Vatikan (kath.net/NBQ) Nach den beiden moraltheologischen Lehrstuhlinhabern Msgr. Livio Melina und P. José Noriega wurden am Johannes Paul II.-Institut für Ehe und Familie in Rom nun fünf weitere Professoren entlassen. Das meldet die italienische Onlinezeitung La Nuova Bussola Quotidiana. Die von Johannes Paul II. 1981 gegründete universitäre Einrichtung - die größte und wichtigste der Kirche zum Thema Ehe und Familie - war im September 2017 von Papst Franziskus offiziell aufgelöst und unter ähnlichem Namen neu gegründet worden, kath.net hat berichtet.

Auch die jüngst gemeldeten „Säuberungen“ aus der Feder des neu eingesetzten Großkanzlers Bischof Vincenzo Paglia treffen das Institut in seinem Kern und in seiner Verbindung zu Johannes Paul II. Gekündigt wurden der emeritierte polnische Philosophieprofessor Stanislaw Grygiel, Leiter des Forschungslehrstuhls Karol Woytila, ein Mann der ersten Stunde, einer der Gründerväter des Instituts und Schüler sowie guter Freund von Johannes Paul II.; weiters dessen Tochter, Monika Grygiel, eine Psychiaterin, sowie P. Przemislaw Kwiatkowski, Spezialist für Theologie und Spiritualität des polnischen Papstes; des Weiteren Sr. Vittorina Marini, eine Dogmatikerin mit Forschungsschwerpunkt Christologie und Mariologie sowie die Ärztin und Bioethikerin Maria Luisa Di Pietro. Sie war zuvor bereits aus der "Päpstlichen Akademie für das Leben" entfernt worden, deren Großkanzler ebenfalls seit 2016 Msgr. Paglia ist.

Diese Entlassungen sind ein weiterer Beweis, dass das neu gegründete „Theologische Institut Johannes Paul II für Ehe- und Familienwissenschaften“ seine Verbindung zu Johannes Paul II. und dessen akademisches Erbe abschütteln will. Dazu passt die noch inoffizielle Ankündigung, dass ein neuer Moraltheologe aufgenommen werden soll, Maurizio Chiodi, der sich öffentlich als Befürworter einer Neuinterpretation der Enzyklika Humanae Vitae und der gesamten katholischen Sexualmoral hervorgetan hat, wonach in bestimmten Situationen Empfängnisverhütung sogar ein Gebot der Verantwortung und homosexuelle Akte gut seien, wie die Nuova Bussola Quotidiana berichtet.

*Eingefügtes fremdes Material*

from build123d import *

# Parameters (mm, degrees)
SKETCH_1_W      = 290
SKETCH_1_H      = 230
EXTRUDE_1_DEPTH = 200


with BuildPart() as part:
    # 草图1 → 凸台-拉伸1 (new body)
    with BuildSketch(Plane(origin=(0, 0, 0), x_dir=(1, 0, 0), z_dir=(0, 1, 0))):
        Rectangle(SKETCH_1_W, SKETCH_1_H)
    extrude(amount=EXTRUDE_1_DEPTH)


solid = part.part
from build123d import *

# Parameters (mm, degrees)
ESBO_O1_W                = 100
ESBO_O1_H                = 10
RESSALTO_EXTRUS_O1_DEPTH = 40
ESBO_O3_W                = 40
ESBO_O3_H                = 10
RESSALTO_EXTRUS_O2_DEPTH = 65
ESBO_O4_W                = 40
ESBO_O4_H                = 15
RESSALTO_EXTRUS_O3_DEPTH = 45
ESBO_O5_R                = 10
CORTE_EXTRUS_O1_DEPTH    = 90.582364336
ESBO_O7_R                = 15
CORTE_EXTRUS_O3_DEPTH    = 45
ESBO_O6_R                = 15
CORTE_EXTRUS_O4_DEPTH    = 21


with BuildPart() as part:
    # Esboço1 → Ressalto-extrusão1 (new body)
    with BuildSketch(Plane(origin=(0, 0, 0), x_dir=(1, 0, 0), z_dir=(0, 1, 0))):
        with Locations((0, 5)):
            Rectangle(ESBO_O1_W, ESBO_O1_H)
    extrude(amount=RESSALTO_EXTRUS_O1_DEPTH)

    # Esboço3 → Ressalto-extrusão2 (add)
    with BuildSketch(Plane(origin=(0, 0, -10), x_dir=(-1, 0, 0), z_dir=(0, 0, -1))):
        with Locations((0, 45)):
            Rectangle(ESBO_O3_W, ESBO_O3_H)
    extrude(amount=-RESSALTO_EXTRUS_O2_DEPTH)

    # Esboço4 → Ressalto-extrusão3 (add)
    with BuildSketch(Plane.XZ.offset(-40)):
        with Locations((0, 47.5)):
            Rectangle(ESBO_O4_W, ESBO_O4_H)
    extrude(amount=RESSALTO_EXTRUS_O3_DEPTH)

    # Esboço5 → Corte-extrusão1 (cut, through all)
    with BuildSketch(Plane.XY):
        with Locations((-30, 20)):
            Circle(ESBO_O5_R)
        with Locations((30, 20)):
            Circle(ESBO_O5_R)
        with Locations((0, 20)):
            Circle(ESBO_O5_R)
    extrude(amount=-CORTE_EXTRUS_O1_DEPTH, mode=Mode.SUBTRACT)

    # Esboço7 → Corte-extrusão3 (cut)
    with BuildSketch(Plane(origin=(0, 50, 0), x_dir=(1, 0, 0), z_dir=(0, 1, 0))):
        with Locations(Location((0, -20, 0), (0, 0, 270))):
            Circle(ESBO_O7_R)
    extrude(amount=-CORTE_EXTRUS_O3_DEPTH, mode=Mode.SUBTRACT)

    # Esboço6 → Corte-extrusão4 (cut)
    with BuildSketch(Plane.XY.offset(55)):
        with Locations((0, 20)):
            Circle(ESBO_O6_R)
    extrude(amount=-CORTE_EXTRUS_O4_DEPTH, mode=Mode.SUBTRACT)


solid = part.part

Der emeritierte Mailänder Kardinal Angelo Scola, der seit der Gründung des Instituts dort Professor und von 1995 bis 2002 dessen Vorstand war, kritisierte in der italienischen Tageszeitung Il Foglio heftig die Vorgänge und sprach von "Säuberungen".

„Anstatt mit dieser heuchlerischen Vorführung fortzufahren, wäre es nun viel ehrlicher, Johannes Paul II. auch aus dem Namen des Instituts zu streichen, und es stattdessen nach Amoris Laetitia zu benennen, dem Apostolischen Schreiben, das inzwischen für viele Bischöfe die Stelle des Evangeliums eingenommen hat“, schließt Riccardo Cascioli seinen Beitrag.

Vor einigen Tagen, nach Approbierung der neuen Statuten, hatten alle am Institut beschäftigten Lehrenden einen Brief erhalten, dass sie suspendiert seien und in einigen Tagen über ihr weiteres Schicksal Bescheid erhalten würden. Viele Lehrende des Instituts warten aktuell noch auf diesen Brief. Diese derzeitige Situation ist für die allermeisten Beteiligten sehr schmerzvoll, wie kath.net aus Institutskreisen erfahren konnte.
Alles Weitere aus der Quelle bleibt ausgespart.